Exercise — Without the pictures, extract every line from the start of the material to the line containing "# Drawn here: x", both ends included.

□ □ □ □

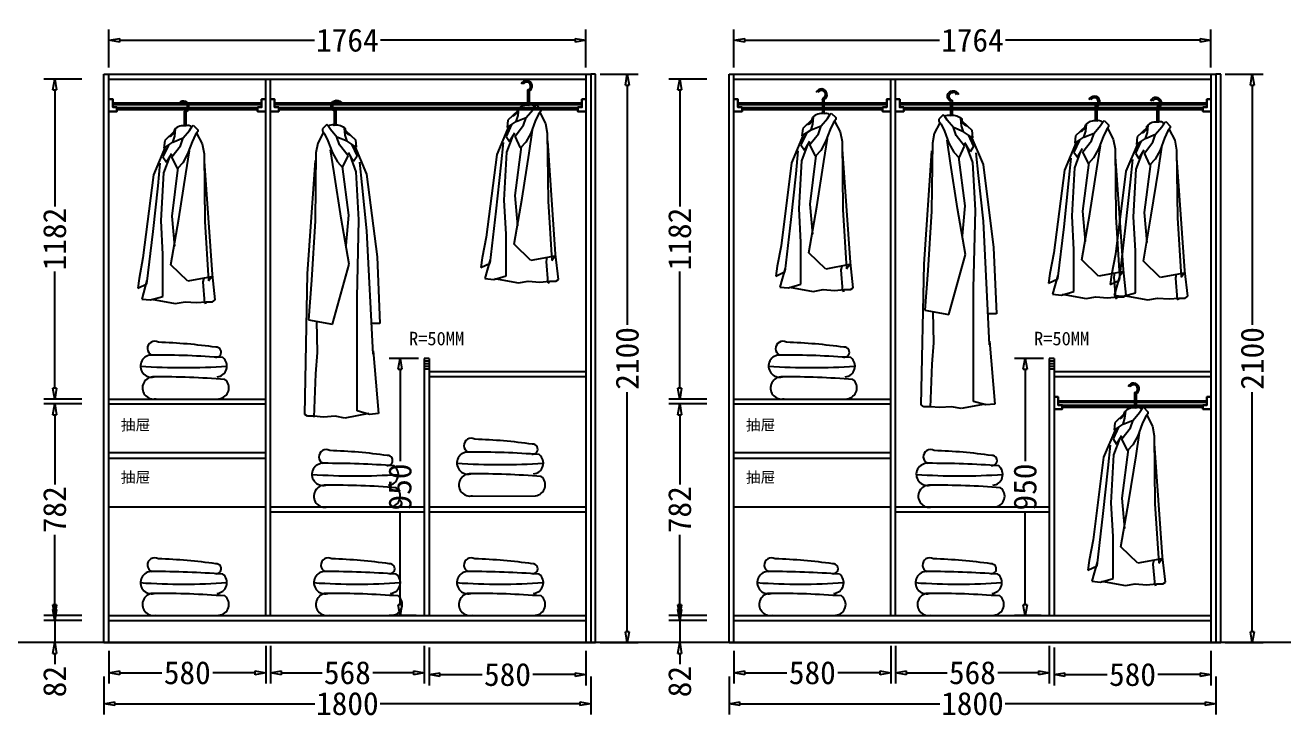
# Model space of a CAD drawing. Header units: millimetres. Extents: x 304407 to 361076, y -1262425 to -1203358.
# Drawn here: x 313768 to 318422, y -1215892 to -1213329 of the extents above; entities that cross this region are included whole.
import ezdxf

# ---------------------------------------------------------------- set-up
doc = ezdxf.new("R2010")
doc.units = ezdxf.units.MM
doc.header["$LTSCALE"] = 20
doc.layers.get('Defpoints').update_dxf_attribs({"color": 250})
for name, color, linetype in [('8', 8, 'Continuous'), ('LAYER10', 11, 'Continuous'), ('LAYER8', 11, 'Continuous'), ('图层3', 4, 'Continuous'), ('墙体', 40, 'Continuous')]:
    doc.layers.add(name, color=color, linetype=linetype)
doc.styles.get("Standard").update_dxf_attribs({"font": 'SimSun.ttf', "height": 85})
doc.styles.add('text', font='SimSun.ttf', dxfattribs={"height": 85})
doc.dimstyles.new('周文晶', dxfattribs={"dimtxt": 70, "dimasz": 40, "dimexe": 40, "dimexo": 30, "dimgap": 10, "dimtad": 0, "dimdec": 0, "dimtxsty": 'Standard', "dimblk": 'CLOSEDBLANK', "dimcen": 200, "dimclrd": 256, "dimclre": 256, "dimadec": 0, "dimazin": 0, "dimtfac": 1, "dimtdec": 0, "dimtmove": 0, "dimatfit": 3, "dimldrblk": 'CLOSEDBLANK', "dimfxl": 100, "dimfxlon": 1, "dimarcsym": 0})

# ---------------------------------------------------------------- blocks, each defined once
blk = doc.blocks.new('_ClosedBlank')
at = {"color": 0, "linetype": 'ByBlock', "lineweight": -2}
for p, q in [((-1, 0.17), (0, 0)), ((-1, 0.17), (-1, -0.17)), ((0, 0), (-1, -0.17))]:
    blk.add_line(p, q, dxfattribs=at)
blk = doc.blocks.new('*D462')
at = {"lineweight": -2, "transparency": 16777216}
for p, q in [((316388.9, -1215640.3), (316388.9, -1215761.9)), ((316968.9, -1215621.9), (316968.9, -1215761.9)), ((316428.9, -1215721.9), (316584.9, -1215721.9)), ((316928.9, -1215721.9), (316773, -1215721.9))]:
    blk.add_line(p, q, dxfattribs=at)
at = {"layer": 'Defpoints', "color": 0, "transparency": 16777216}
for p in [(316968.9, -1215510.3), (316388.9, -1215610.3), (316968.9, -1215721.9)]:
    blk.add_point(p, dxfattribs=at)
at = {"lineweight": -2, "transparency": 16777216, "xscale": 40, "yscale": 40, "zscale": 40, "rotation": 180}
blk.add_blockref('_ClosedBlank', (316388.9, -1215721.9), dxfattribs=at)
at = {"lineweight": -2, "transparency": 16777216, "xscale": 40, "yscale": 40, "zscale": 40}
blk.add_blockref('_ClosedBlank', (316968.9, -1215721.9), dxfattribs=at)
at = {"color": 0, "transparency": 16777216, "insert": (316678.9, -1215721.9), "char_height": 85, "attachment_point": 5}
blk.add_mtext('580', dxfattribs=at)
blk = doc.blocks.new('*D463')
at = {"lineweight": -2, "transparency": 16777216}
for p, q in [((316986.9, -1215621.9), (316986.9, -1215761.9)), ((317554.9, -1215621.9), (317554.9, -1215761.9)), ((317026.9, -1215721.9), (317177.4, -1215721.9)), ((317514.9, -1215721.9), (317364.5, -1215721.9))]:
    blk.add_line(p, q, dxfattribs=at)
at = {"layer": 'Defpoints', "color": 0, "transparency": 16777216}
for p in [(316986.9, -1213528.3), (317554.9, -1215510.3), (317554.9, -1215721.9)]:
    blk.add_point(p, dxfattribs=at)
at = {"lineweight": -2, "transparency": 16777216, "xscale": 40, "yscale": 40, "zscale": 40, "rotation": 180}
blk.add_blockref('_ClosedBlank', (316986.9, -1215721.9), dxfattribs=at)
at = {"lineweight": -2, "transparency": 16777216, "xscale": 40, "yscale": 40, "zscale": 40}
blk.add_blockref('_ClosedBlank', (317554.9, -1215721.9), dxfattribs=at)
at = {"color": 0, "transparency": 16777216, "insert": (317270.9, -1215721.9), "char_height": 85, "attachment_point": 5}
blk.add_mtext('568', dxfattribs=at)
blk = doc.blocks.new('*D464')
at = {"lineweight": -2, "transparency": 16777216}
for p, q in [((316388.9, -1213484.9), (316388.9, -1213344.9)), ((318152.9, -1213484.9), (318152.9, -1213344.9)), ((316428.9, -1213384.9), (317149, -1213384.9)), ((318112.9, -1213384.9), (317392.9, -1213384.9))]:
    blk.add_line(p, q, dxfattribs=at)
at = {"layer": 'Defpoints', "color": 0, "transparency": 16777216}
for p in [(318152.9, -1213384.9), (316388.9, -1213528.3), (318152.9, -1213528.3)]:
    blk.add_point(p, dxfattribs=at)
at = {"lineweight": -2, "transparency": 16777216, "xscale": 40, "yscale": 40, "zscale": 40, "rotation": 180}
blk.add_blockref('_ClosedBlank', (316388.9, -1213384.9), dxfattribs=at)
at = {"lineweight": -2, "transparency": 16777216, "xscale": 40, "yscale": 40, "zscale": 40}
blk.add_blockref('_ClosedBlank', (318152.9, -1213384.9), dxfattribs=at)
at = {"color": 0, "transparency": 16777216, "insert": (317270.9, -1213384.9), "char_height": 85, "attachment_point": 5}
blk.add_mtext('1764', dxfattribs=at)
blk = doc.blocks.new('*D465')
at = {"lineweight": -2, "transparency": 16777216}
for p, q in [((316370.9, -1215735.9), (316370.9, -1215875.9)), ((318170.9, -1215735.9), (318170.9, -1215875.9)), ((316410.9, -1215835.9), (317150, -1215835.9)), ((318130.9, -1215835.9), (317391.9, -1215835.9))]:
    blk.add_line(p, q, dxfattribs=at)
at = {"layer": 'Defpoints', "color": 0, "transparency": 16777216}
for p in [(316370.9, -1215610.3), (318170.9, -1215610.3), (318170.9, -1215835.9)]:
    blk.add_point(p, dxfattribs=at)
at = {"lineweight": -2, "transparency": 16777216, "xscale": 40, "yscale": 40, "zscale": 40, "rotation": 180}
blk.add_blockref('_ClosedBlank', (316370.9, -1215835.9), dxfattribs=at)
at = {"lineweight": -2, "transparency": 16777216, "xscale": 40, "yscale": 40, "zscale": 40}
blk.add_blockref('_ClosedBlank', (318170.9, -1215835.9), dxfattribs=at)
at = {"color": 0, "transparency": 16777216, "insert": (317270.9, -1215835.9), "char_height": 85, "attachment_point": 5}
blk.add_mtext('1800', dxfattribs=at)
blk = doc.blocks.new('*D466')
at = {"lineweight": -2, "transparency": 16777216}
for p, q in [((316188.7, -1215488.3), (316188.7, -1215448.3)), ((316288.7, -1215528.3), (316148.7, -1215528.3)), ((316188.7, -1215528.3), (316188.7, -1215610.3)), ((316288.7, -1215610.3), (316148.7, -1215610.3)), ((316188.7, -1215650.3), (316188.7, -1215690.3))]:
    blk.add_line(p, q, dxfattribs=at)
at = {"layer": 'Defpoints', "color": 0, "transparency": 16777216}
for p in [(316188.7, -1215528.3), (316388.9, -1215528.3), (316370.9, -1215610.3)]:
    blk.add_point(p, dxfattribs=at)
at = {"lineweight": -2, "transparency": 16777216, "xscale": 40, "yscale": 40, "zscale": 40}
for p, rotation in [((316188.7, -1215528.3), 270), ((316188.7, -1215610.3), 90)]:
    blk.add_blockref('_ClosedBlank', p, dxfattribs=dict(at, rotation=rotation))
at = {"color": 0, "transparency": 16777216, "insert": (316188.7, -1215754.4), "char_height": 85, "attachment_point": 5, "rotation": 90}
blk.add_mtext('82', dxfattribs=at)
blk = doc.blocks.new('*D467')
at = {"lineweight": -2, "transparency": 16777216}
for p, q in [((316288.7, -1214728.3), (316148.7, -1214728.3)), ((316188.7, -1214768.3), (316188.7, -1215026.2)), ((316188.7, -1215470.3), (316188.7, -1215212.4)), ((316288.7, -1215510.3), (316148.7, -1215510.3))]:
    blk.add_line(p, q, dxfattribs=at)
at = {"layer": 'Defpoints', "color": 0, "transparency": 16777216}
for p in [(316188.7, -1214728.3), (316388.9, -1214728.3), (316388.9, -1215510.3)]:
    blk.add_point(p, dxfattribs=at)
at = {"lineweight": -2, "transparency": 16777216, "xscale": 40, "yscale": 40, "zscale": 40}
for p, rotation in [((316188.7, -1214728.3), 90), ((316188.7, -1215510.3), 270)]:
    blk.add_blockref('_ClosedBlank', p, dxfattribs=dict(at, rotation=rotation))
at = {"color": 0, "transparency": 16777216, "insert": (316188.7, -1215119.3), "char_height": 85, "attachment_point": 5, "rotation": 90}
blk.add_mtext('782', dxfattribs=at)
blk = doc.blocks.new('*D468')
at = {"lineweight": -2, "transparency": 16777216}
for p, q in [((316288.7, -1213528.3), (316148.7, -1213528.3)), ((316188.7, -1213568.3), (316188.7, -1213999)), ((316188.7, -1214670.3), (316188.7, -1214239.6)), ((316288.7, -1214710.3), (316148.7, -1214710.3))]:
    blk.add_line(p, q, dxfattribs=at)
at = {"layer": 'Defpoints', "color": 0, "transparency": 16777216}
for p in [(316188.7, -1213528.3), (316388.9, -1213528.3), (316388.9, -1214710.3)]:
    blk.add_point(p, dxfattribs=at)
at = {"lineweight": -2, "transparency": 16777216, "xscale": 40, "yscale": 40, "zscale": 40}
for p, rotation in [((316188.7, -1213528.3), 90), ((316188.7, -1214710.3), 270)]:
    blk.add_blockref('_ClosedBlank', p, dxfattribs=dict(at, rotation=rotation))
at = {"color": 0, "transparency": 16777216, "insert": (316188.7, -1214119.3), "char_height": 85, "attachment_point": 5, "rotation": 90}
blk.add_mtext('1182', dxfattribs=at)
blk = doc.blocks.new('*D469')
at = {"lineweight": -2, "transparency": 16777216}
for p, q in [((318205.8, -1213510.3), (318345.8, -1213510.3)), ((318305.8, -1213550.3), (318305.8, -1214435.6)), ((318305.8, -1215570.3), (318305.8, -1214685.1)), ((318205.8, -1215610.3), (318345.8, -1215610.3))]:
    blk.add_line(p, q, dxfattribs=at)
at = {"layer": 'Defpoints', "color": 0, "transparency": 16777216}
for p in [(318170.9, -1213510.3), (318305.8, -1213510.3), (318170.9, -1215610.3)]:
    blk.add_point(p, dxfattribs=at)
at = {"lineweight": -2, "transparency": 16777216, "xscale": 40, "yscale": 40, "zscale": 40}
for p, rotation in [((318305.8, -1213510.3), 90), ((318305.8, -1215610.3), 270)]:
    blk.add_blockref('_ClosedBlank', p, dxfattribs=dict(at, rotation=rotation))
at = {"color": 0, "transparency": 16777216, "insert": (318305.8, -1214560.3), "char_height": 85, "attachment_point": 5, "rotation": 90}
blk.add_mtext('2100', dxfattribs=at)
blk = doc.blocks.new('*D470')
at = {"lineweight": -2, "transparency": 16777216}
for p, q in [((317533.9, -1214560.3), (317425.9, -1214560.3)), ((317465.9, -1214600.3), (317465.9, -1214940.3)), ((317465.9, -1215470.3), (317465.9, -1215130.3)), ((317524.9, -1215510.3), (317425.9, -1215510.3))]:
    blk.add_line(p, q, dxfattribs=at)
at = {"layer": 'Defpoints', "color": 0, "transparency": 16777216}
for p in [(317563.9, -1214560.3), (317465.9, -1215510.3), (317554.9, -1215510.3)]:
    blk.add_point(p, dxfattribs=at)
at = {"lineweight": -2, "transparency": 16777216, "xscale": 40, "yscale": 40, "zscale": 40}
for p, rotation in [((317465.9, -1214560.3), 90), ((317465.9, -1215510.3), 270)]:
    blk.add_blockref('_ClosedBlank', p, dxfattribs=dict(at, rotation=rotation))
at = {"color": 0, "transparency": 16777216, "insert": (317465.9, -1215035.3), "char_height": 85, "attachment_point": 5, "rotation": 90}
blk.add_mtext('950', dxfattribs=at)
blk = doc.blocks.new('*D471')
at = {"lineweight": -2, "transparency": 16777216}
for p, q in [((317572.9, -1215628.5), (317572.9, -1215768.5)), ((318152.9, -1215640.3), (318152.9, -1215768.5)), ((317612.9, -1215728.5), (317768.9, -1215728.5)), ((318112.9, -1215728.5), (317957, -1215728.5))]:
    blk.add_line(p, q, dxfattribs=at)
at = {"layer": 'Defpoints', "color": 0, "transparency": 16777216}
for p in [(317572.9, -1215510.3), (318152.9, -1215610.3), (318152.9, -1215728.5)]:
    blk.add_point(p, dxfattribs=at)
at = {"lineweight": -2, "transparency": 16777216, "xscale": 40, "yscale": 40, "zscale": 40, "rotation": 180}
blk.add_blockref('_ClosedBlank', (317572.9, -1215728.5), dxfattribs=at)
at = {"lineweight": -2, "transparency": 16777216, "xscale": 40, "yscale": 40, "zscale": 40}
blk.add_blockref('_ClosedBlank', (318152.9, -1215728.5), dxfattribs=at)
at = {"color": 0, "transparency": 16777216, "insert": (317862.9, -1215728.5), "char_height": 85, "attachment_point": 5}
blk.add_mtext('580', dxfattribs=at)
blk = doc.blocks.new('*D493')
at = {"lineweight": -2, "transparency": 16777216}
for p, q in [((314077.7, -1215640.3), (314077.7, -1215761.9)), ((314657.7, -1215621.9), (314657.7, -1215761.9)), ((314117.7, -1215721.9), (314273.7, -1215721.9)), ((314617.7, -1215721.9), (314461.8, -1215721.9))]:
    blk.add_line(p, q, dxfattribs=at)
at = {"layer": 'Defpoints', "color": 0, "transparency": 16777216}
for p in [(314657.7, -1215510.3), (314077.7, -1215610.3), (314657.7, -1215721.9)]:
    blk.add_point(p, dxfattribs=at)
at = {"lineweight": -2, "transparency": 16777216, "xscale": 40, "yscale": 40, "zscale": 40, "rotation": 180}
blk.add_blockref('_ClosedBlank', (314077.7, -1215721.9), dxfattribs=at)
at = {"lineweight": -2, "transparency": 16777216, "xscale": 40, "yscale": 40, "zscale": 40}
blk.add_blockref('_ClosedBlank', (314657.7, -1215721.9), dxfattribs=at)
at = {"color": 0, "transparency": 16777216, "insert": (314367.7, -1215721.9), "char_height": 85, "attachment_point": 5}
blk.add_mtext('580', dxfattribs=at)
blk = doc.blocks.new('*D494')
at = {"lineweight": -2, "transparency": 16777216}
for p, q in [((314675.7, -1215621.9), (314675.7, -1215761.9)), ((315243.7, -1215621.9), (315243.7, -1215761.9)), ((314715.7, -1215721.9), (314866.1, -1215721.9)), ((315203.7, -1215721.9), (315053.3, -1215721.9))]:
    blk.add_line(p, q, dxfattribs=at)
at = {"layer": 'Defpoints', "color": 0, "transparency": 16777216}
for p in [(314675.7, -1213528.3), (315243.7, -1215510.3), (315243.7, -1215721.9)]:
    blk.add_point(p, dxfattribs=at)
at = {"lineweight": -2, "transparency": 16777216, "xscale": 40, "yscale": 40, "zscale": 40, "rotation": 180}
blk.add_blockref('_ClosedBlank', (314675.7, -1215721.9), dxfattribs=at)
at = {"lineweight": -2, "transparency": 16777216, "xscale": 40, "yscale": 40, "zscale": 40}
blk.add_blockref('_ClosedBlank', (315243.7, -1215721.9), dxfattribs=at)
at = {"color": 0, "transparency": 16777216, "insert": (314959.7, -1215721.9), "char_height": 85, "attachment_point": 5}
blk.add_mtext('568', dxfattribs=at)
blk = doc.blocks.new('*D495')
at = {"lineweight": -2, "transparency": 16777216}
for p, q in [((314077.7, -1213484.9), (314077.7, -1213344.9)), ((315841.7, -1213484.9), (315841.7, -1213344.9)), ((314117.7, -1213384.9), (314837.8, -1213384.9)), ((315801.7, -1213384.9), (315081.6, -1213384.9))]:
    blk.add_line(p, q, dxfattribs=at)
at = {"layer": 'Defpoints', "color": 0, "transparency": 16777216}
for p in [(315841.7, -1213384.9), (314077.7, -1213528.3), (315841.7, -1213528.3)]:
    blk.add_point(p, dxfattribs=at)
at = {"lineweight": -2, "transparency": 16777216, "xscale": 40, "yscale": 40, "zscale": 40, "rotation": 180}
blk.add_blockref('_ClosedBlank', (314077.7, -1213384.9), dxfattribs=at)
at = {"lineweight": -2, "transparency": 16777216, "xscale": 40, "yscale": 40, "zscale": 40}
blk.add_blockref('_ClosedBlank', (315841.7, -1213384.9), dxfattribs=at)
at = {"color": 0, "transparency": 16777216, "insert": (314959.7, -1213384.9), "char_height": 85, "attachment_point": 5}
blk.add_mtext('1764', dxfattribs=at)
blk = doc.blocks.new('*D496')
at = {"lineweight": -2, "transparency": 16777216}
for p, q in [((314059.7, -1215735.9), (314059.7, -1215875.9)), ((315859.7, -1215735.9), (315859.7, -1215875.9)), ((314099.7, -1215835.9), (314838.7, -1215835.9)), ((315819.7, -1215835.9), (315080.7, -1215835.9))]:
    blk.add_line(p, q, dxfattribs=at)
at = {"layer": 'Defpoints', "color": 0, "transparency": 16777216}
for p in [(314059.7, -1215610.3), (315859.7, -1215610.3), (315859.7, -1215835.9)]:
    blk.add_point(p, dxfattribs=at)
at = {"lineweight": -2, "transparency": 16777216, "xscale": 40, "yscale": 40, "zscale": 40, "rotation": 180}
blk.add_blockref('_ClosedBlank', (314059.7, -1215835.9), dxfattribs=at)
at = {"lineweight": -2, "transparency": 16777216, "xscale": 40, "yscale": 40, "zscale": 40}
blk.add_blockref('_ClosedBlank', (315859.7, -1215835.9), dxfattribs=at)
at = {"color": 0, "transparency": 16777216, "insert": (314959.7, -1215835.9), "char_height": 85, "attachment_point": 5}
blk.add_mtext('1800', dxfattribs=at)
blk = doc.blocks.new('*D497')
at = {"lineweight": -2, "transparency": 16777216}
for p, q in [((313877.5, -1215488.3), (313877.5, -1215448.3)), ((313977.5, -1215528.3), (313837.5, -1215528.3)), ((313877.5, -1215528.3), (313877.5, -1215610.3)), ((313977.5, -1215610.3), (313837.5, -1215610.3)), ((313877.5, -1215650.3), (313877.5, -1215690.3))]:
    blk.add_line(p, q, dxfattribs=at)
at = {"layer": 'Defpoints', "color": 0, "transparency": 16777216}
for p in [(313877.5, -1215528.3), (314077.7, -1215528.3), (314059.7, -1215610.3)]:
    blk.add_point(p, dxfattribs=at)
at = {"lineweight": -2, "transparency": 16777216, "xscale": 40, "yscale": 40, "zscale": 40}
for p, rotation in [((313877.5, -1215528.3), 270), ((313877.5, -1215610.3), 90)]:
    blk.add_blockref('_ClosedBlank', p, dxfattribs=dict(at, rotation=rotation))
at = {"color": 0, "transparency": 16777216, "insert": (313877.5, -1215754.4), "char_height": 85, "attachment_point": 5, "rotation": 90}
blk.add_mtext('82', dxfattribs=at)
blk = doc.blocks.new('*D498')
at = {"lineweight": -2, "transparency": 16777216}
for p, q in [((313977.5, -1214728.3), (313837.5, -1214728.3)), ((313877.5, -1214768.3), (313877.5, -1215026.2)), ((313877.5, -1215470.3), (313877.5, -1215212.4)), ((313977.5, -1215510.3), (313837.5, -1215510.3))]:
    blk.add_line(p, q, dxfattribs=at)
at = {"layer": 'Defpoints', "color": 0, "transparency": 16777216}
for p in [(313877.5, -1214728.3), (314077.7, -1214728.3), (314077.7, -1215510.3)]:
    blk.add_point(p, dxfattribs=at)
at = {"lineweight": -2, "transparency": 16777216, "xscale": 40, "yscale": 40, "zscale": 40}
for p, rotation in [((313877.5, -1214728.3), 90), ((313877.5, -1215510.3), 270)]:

□ □ □ □

Written answer —
# Model space of a CAD drawing. Header units: millimetres. Extents: x 304407 to 361076, y -1262425 to -1203358.
# Drawn here: x 313768 to 318422, y -1215892 to -1213329 of the extents above; entities that cross this region are included whole.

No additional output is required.